*EXERCISE BRIEF*
Search the data for the word "ezdxf" and copy every line that contains it.
# # #
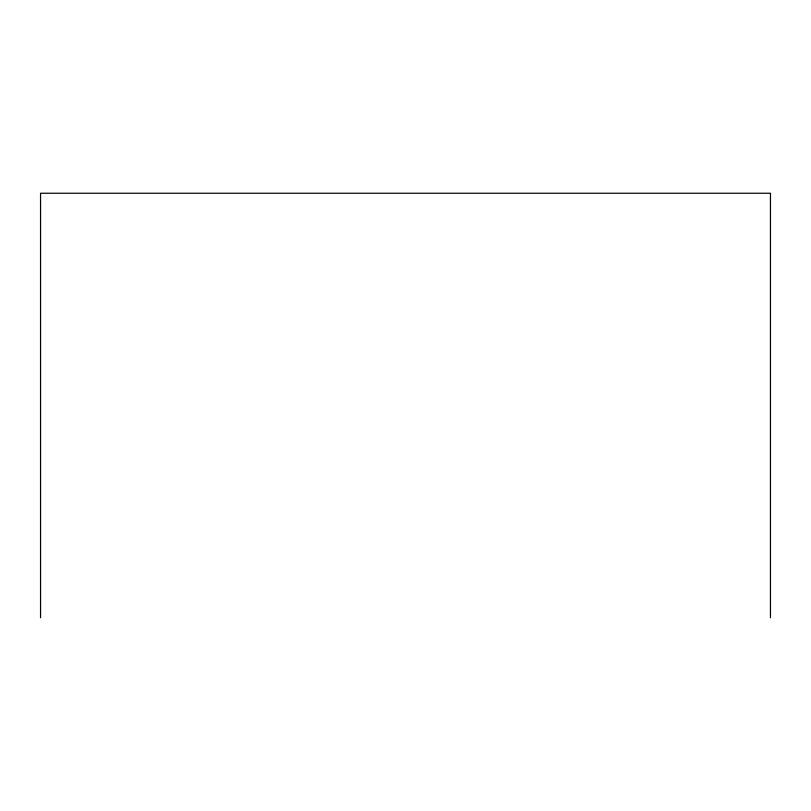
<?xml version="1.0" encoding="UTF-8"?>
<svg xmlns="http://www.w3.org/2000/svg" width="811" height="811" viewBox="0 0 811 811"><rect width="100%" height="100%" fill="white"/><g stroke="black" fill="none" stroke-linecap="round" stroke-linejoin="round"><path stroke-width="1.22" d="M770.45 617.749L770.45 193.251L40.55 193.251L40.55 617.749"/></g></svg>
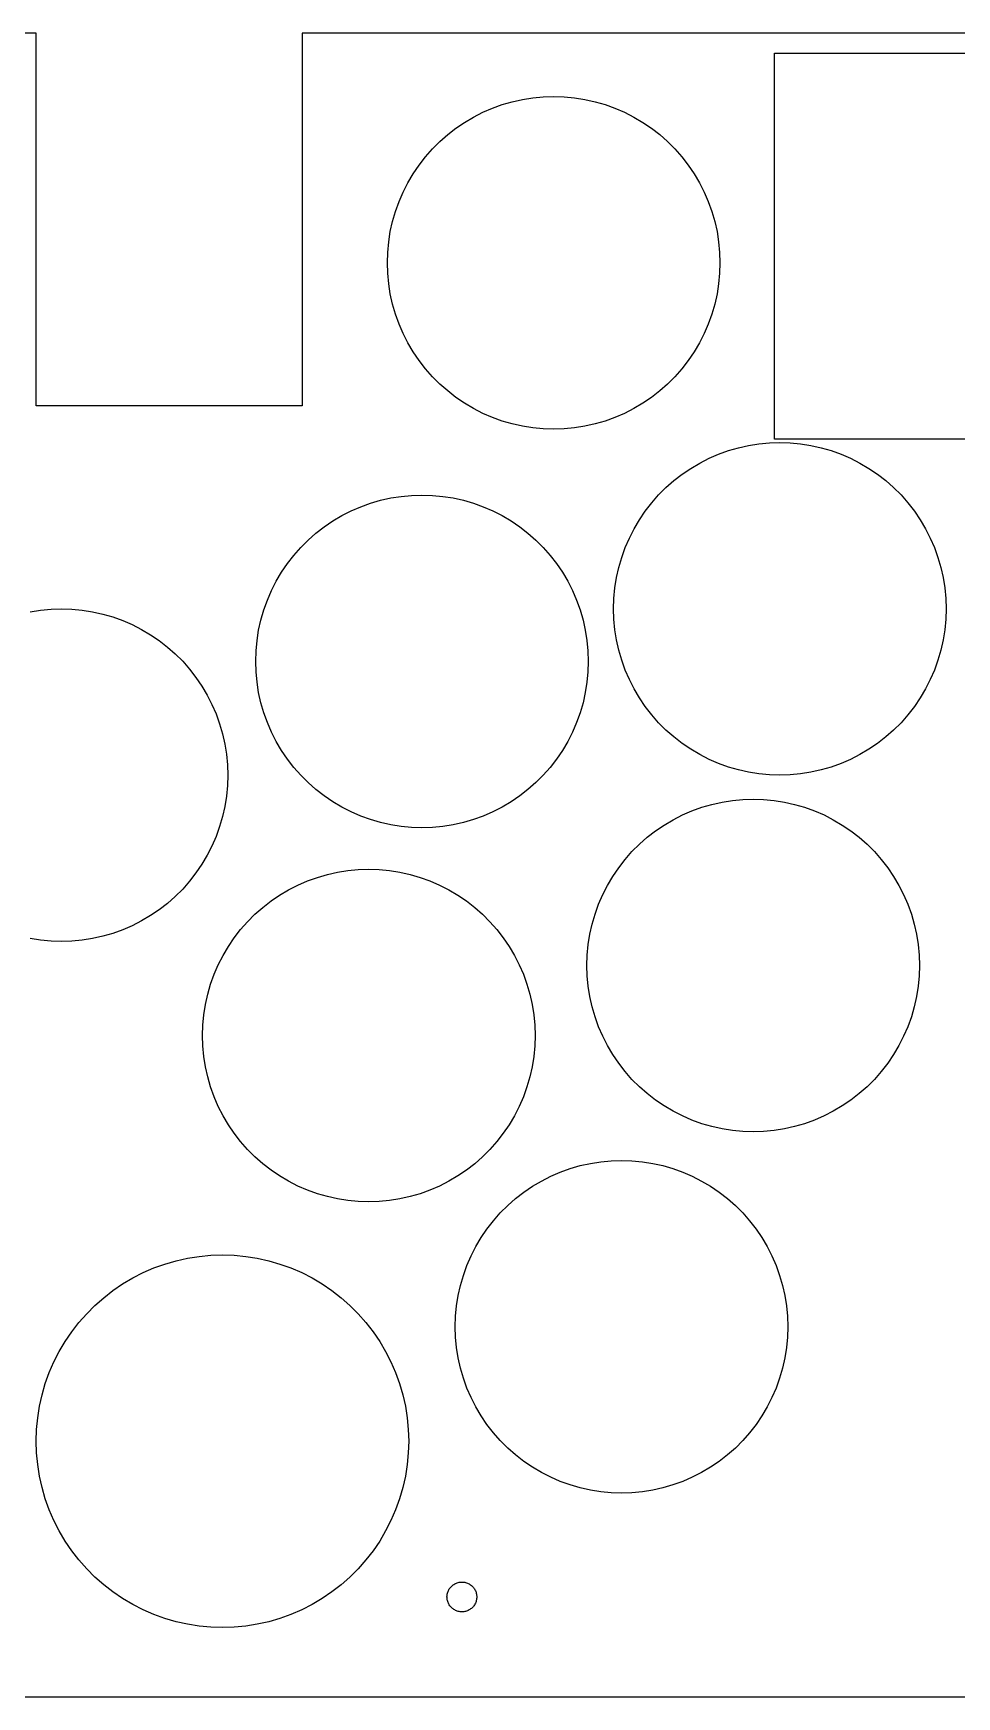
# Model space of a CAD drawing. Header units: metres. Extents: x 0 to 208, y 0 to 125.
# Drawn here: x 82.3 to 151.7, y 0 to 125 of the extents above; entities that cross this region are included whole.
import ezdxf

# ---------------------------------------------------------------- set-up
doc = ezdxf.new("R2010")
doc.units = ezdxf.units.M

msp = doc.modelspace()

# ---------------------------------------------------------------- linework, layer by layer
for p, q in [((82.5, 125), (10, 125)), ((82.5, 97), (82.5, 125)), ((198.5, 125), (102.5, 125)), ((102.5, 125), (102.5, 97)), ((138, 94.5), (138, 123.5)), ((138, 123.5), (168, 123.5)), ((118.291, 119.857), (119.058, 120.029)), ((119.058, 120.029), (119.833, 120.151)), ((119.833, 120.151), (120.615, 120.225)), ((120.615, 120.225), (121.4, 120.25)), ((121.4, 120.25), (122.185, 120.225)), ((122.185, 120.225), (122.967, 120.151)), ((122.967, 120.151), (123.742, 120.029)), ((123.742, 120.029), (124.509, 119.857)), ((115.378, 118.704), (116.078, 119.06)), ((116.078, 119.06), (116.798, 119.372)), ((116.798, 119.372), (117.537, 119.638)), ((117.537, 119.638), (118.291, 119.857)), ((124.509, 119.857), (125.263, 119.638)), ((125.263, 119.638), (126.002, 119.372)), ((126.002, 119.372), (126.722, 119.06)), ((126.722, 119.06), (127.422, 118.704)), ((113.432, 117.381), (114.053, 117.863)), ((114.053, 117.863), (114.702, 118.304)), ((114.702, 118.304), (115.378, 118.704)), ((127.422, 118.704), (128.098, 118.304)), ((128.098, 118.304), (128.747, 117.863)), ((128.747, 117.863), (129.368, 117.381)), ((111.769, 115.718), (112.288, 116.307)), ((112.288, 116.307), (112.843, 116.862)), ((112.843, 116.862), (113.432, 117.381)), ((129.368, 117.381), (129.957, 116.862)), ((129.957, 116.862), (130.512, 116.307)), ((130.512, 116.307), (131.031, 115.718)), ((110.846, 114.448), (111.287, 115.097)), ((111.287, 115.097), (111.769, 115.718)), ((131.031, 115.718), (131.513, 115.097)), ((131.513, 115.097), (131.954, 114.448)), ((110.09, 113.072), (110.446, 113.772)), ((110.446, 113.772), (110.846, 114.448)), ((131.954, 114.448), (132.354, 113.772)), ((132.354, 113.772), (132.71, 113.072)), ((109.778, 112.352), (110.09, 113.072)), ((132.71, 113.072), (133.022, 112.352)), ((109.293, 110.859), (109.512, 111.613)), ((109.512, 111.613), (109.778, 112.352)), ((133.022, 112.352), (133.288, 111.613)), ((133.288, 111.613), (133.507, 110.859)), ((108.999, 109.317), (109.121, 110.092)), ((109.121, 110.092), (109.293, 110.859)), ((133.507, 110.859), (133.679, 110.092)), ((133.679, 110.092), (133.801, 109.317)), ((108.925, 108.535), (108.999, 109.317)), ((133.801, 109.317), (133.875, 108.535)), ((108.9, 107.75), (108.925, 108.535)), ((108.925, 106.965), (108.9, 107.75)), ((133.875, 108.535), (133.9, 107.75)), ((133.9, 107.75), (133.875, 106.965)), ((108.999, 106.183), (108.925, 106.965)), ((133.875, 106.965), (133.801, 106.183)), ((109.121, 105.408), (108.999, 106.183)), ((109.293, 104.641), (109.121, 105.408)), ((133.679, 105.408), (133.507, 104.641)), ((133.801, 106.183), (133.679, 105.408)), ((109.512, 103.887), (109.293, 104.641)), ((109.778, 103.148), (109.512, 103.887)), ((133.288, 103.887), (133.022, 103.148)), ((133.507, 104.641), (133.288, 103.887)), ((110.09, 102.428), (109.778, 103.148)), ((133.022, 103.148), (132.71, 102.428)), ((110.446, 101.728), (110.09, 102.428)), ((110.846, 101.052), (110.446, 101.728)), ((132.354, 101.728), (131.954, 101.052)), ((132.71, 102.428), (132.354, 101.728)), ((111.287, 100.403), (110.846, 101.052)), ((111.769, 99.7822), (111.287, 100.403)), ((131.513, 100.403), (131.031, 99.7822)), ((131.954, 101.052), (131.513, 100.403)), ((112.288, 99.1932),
# # #
*TASK SOLUTION*
import ezdxf
doc = ezdxf.new("R2010")
doc.units = ezdxf.units.M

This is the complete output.